-------- Records shown --------

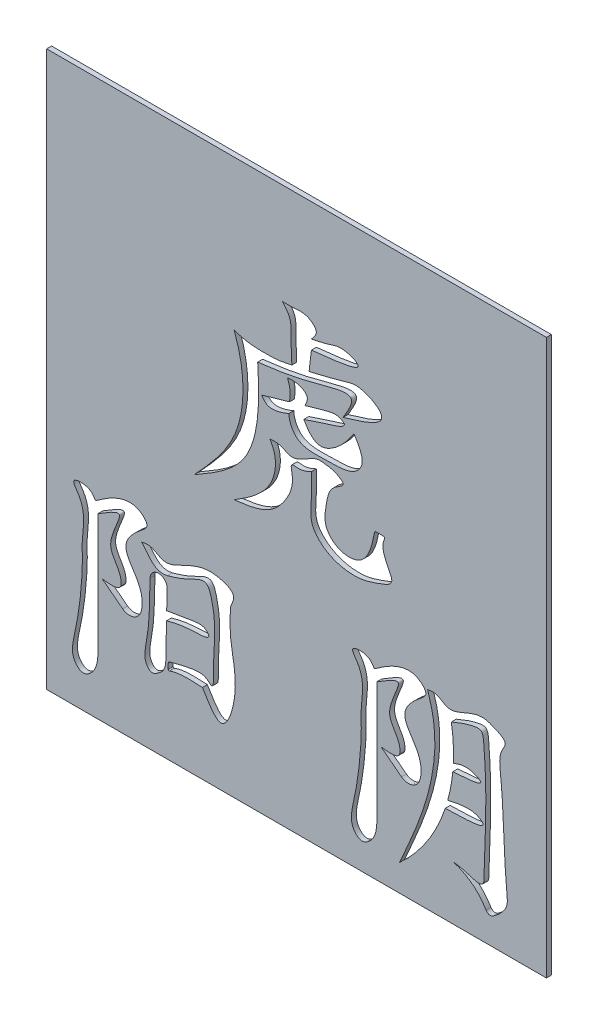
ISO-10303-21;
HEADER;
FILE_DESCRIPTION(('STEP AP214'),'2;1');
FILE_NAME('part.step','',(''),(''),'','','');
FILE_SCHEMA(('AUTOMOTIVE_DESIGN { 1 0 10303 214 1 1 1 1 }'));
ENDSEC;
DATA;
#1=APPLICATION_CONTEXT('core data for automotive mechanical design processes');
#2=APPLICATION_PROTOCOL_DEFINITION('international standard','automotive_design',2000,#1);
#3=PRODUCT_CONTEXT('',#1,'mechanical');
#4=PRODUCT('Part','Part','',(#3));
#5=PRODUCT_RELATED_PRODUCT_CATEGORY('part','',(#4));
#6=PRODUCT_DEFINITION_FORMATION('','',#4);
#7=PRODUCT_DEFINITION_CONTEXT('part definition',#1,'design');
#8=PRODUCT_DEFINITION('design','',#6,#7);
#9=PRODUCT_DEFINITION_SHAPE('','',#8);
#10=(LENGTH_UNIT() NAMED_UNIT(*) SI_UNIT(.MILLI.,.METRE.));
#11=(NAMED_UNIT(*) PLANE_ANGLE_UNIT() SI_UNIT($,.RADIAN.));
#12=(NAMED_UNIT(*) SI_UNIT($,.STERADIAN.) SOLID_ANGLE_UNIT());
#13=UNCERTAINTY_MEASURE_WITH_UNIT(LENGTH_MEASURE(1.E-05),#10,'distance_accuracy_value','');
#14=(GEOMETRIC_REPRESENTATION_CONTEXT(3) GLOBAL_UNCERTAINTY_ASSIGNED_CONTEXT((#13)) GLOBAL_UNIT_ASSIGNED_CONTEXT((#10,
#11,#12)) REPRESENTATION_CONTEXT('',''));
#15=CARTESIAN_POINT('',(0.,0.,0.));
#16=DIRECTION('',(0.,0.,1.));
#17=DIRECTION('',(1.,0.,0.));
#18=AXIS2_PLACEMENT_3D('',#15,#16,#17);
#19=CARTESIAN_POINT('',(19.2861268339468,35.5936177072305,0.));
#20=CARTESIAN_POINT('',(20.9614028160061,33.3700695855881,0.));
#21=CARTESIAN_POINT('',(21.0371606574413,31.5115750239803,0.));
#22=CARTESIAN_POINT('',(20.9857192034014,27.0692923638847,0.));
#23=CARTESIAN_POINT('',(20.6190480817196,19.7358699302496,0.));
#24=CARTESIAN_POINT('',(20.1038291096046,18.9872035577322,0.));
#25=CARTESIAN_POINT('',(19.883642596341,14.9504508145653,0.));
#26=CARTESIAN_POINT('',(21.2605817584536,12.6852746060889,0.));
#27=CARTESIAN_POINT('',(24.0390733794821,15.7326586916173,0.));
#28=CARTESIAN_POINT('',(27.5220752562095,16.4075742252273,0.));
#29=CARTESIAN_POINT('',(30.2305432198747,16.2597184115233,0.));
#30=CARTESIAN_POINT('',(31.6384260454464,16.1828618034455,0.));
#31=B_SPLINE_CURVE_WITH_KNOTS('',3,(#19,#20,#21,#22,#23,#24,#25,#26,#27,#28,#29,#30),
.UNSPECIFIED.,.F.,.F.,(4,1,2,2,1,1,1,4),(0.,0.118363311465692,0.391283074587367,
0.593314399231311,0.676491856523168,0.759669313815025,0.875074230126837,1.),.UNSPECIFIED.);
#32=DIRECTION('',(0.,0.,1.));
#33=VECTOR('',#32,1.);
#34=SURFACE_OF_LINEAR_EXTRUSION('',#31,#33);
#35=DIRECTION('',(0.,0.,1.));
#36=VECTOR('',#35,1.);
#37=CARTESIAN_POINT('',(23.174538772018,14.6400999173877,0.));
#38=LINE('',#37,#36);
#39=CARTESIAN_POINT('',(23.174538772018,14.6400999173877,0.));
#40=VERTEX_POINT('',#39);
#41=CARTESIAN_POINT('',(23.174538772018,14.6400999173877,1.));
#42=VERTEX_POINT('',#41);
#43=EDGE_CURVE('E674',#40,#42,#38,.T.);
#44=ORIENTED_EDGE('',*,*,#43,.F.);
#45=CARTESIAN_POINT('',(20.9997811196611,30.0842080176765,0.));
#46=VERTEX_POINT('',#45);
#47=EDGE_CURVE('E709',#46,#40,#31,.T.);
#48=ORIENTED_EDGE('',*,*,#47,.F.);
#49=DIRECTION('',(0.,0.,1.));
#50=VECTOR('',#49,1.);
#51=CARTESIAN_POINT('',(20.9997811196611,30.0842080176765,0.));
#52=LINE('',#51,#50);
#53=CARTESIAN_POINT('',(20.9997811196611,30.0842080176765,1.));
#54=VERTEX_POINT('',#53);
#55=EDGE_CURVE('E750',#46,#54,#52,.T.);
#56=ORIENTED_EDGE('',*,*,#55,.T.);
#57=CARTESIAN_POINT('',(19.2861268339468,35.5936177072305,1.));
#58=CARTESIAN_POINT('',(20.9614028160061,33.3700695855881,1.));
#59=CARTESIAN_POINT('',(21.0371606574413,31.5115750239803,1.));
#60=CARTESIAN_POINT('',(20.9857192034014,27.0692923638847,1.));
#61=CARTESIAN_POINT('',(20.6190480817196,19.7358699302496,1.));
#62=CARTESIAN_POINT('',(20.1038291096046,18.9872035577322,1.));
#63=CARTESIAN_POINT('',(19.883642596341,14.9504508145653,1.));
#64=CARTESIAN_POINT('',(21.2605817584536,12.6852746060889,1.));
#65=CARTESIAN_POINT('',(24.0390733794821,15.7326586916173,1.));
#66=CARTESIAN_POINT('',(27.5220752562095,16.4075742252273,1.));
#67=CARTESIAN_POINT('',(30.2305432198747,16.2597184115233,1.));
#68=CARTESIAN_POINT('',(31.6384260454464,16.1828618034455,1.));
#69=B_SPLINE_CURVE_WITH_KNOTS('',3,(#57,#58,#59,#60,#61,#62,#63,#64,#65,#66,#67,#68),
.UNSPECIFIED.,.F.,.F.,(4,1,2,2,1,1,1,4),(0.,0.118363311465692,0.391283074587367,
0.593314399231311,0.676491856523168,0.759669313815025,0.875074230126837,1.),.UNSPECIFIED.);
#70=EDGE_CURVE('E741',#54,#42,#69,.T.);
#71=ORIENTED_EDGE('',*,*,#70,.T.);
#72=EDGE_LOOP('',(#44,#48,#56,#71));
#73=FACE_BOUND('',#72,.T.);
#74=ADVANCED_FACE('F33',(#73),#34,.F.);
#75=CARTESIAN_POINT('',(0.,0.,1.));
#76=DIRECTION('',(1.,0.,0.));
#77=DIRECTION('',(0.,0.,-1.));
#78=AXIS2_PLACEMENT_3D('',#75,#76,#77);
#79=PLANE('',#78);
#80=DIRECTION('',(0.,-1.,0.));
#81=VECTOR('',#80,1.);
#82=CARTESIAN_POINT('',(0.,0.,0.));
#83=LINE('',#82,#81);
#84=CARTESIAN_POINT('',(0.,112.720139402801,0.));
#85=VERTEX_POINT('',#84);
#86=CARTESIAN_POINT('',(0.,0.,0.));
#87=VERTEX_POINT('',#86);
#88=EDGE_CURVE('E850',#85,#87,#83,.T.);
#89=ORIENTED_EDGE('',*,*,#88,.T.);
#90=DIRECTION('',(0.,0.,-1.));
#91=VECTOR('',#90,1.);
#92=CARTESIAN_POINT('',(0.,0.,1.));
#93=LINE('',#92,#91);
#94=CARTESIAN_POINT('',(0.,0.,1.));
#95=VERTEX_POINT('',#94);
#96=EDGE_CURVE('E869',#95,#87,#93,.T.);
#97=ORIENTED_EDGE('',*,*,#96,.F.);
#98=DIRECTION('',(0.,-1.,0.));
#99=VECTOR('',#98,1.);
#100=CARTESIAN_POINT('',(0.,0.,1.));
#101=LINE('',#100,#99);
#102=CARTESIAN_POINT('',(0.,112.720139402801,1.));
#103=VERTEX_POINT('',#102);
#104=EDGE_CURVE('E881',#103,#95,#101,.T.);
#105=ORIENTED_EDGE('',*,*,#104,.F.);
#106=DIRECTION('',(0.,0.,-1.));
#107=VECTOR('',#106,1.);
#108=CARTESIAN_POINT('',(0.,112.720139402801,1.));
#109=LINE('',#108,#107);
#110=EDGE_CURVE('E882',#103,#85,#109,.T.);
#111=ORIENTED_EDGE('',*,*,#110,.T.);
#112=EDGE_LOOP('',(#89,#97,#105,#111));
#113=FACE_BOUND('',#112,.T.);
#114=ADVANCED_FACE('F954',(#113),#79,.F.);
#115=CARTESIAN_POINT('',(0.,0.,1.));
#116=DIRECTION('',(0.,1.,0.));
#117=DIRECTION('',(0.,0.,1.));
#118=AXIS2_PLACEMENT_3D('',#115,#116,#117);
#119=PLANE('',#118);
#120=DIRECTION('',(1.,0.,0.));
#121=VECTOR('',#120,1.);
#122=CARTESIAN_POINT('',(0.,0.,0.));
#123=LINE('',#122,#121);
#124=CARTESIAN_POINT('',(101.515362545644,0.,0.));
#125=VERTEX_POINT('',#124);
#126=EDGE_CURVE('E873',#87,#125,#123,.T.);
#127=ORIENTED_EDGE('',*,*,#126,.T.);
#128=DIRECTION('',(0.,0.,-1.));
#129=VECTOR('',#128,1.);
#130=CARTESIAN_POINT('',(101.515362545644,0.,1.));
#131=LINE('',#130,#129);
#132=CARTESIAN_POINT('',(101.515362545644,0.,1.));
#133=VERTEX_POINT('',#132);
#134=EDGE_CURVE('E874',#133,#125,#131,.T.);
#135=ORIENTED_EDGE('',*,*,#134,.F.);
#136=DIRECTION('',(1.,0.,0.));
#137=VECTOR('',#136,1.);
#138=CARTESIAN_POINT('',(0.,0.,1.));
#139=LINE('',#138,#137);
#140=EDGE_CURVE('E889',#95,#133,#139,.T.);
#141=ORIENTED_EDGE('',*,*,#140,.F.);
#142=ORIENTED_EDGE('',*,*,#96,.T.);
#143=EDGE_LOOP('',(#127,#135,#141,#142));
#144=FACE_BOUND('',#143,.T.);
#145=ADVANCED_FACE('F959',(#144),#119,.F.);
#146=CARTESIAN_POINT('',(101.515362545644,0.,1.));
#147=DIRECTION('',(-1.,0.,0.));
#148=DIRECTION('',(0.,0.,1.));
#149=AXIS2_PLACEMENT_3D('',#146,#147,#148);
#150=PLANE('',#149);
#151=DIRECTION('',(0.,1.,0.));
#152=VECTOR('',#151,1.);
#153=CARTESIAN_POINT('',(101.515362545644,0.,0.));
#154=LINE('',#153,#152);
#155=CARTESIAN_POINT('',(101.515362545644,112.720139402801,0.));
#156=VERTEX_POINT('',#155);
#157=EDGE_CURVE('E872',#125,#156,#154,.T.);
#158=ORIENTED_EDGE('',*,*,#157,.T.);
#159=DIRECTION('',(0.,0.,-1.));
#160=VECTOR('',#159,1.);
#161=CARTESIAN_POINT('',(101.515362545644,112.720139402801,1.));
#162=LINE('',#161,#160);
#163=CARTESIAN_POINT('',(101.515362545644,112.720139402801,1.));
#164=VERTEX_POINT('',#163);
#165=EDGE_CURVE('E878',#164,#156,#162,.T.);
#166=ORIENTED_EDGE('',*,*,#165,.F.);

--------

### Task
Take the entries above and return only the lines from the one with "#48=ORIENTED_EDGE('',*,*,#47,.F.);" to the one with "#57=CARTESIAN_POINT('',(19.2861268339468,35.5936177072305,1.));", both included, unchanged.

### Reply to the exercise
#48=ORIENTED_EDGE('',*,*,#47,.F.);
#49=DIRECTION('',(0.,0.,1.));
#50=VECTOR('',#49,1.);
#51=CARTESIAN_POINT('',(20.9997811196611,30.0842080176765,0.));
#52=LINE('',#51,#50);
#53=CARTESIAN_POINT('',(20.9997811196611,30.0842080176765,1.));
#54=VERTEX_POINT('',#53);
#55=EDGE_CURVE('E750',#46,#54,#52,.T.);
#56=ORIENTED_EDGE('',*,*,#55,.T.);
#57=CARTESIAN_POINT('',(19.2861268339468,35.5936177072305,1.));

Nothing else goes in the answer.